Due to German weapon control legislation removing the crenallation is a must when wanting to carry the flashlight outside your home.

Quite stupid, but that´s politics...

Regards
nitehead


----------



## tobrien

nitehead said:


> Hello M I K,
> 
> thank you for your instant and kind reply. I will definitely contact you when the new e2dl is available in Germany.
> 
> Due to German weapon control legislation removing the crenallation is a must when wanting to carry the flashlight outside your home.
> 
> Quite stupid, but that´s politics...
> 
> Regards
> nitehead


that stinks!

anyways though when I get mine, too, I need to get a toothless mod done for the cool factor!


----------



## nightstalker101

Email sent regarding de-toothing by head.


----------



## M I K

A refreshing text edit and an added modification.


----------



## benthiccracker

*Re: Toothless E2DL, MIKmod tailcaps, and 17670 boring.*













Can this tailcap mod be done with a Z61? Or does it have to be a defender or Z68?


----------



## M I K

*Re: Toothless E2DL, MIKmod tailcaps, and 17670 boring.*



benthiccracker said:


> Can this tailcap mod be done with a Z61? Or does it have to be a defender or Z68?
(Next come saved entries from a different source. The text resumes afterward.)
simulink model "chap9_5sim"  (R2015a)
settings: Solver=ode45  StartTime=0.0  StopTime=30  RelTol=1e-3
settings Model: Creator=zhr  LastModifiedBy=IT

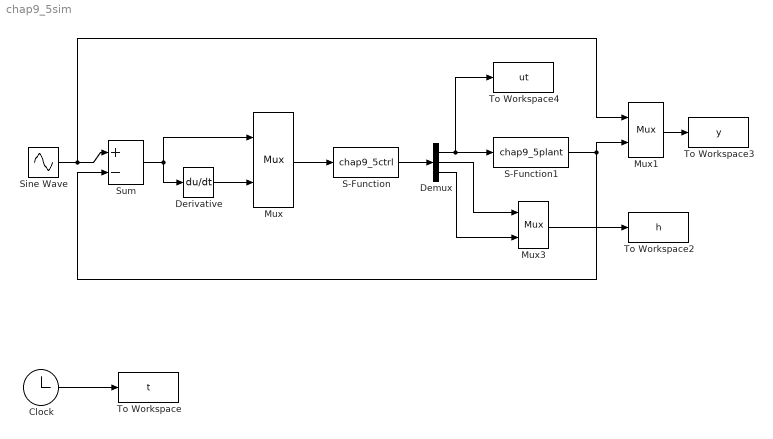
== system chap9_5sim ==
  Clock : Clock
  Demux : Demux  Outputs=3
  Derivative : Derivative
  Mux : Mux  Inputs=2
  Mux1 : Mux  Inputs=2
  Mux3 : Mux  Inputs=2
  S-Function : S-Function  FunctionName=chap9_5ctrl
  S-Function1 : S-Function  FunctionName=chap9_5plant
  Sine Wave : Sin  Amplitude=0.1  SampleTime=0
  Sum : Sum  Inputs=+-
  To Workspace : ToWorkspace  VariableName=t  SampleTime=-1
  To Workspace2 : ToWorkspace  VariableName=h  SampleTime=-1
  To Workspace3 : ToWorkspace  VariableName=y  SampleTime=-1
  To Workspace4 : ToWorkspace  VariableName=ut  SampleTime=-1
  wires:
  Clock/1 -> To Workspace/1
  Sine Wave/1 -> Mux1/1, Sum/1
  Sum/1 -> Derivative/1, Mux/1
  Derivative/1 -> Mux/2
  Mux/1 -> S-Function/1
  S-Function/1 -> Demux/1
  Demux/1 -> To Workspace4/1, S-Function1/1
  S-Function1/1 -> Mux1/2, Sum/2
  Mux1/1 -> To Workspace3/1
  Mux3/1 -> To Workspace2/1
  Demux/2 -> Mux3/1
  Demux/3 -> Mux3/2

Well, I'll tell you what benthiccracker, if you think you might be interested in a MIKmod switch, here is what I can do.
I'll send you a MIKmod switch if you would like to send me 15 bucks plus either one of the following:
1. $30
2. A Z68.
3. An E2D/E2DL switch.
4. A Z61 in like new condition plus $5.


----------



## LumensMaximus

Excellent service, sent a couple of defender bezels to MIK and a couple of days later emailed to see if he received them yet, they were already in the mail on the way back, arrived 2 days later. Very pleased, thanks again!!


----------



## tobrien

LumensMaximus said:


> Excellent service, sent a couple of defender bezels to MIK and a couple of days later emailed to see if he received them yet, they were already in the mail on the way back, arrived 2 days later. Very pleased, thanks again!!



that is awesome!


----------



## bullfrog

M I K is a wonderful modder - did business with him (bought from and sold to) years ago, spoke on the phone a few times, and could not have been more happy.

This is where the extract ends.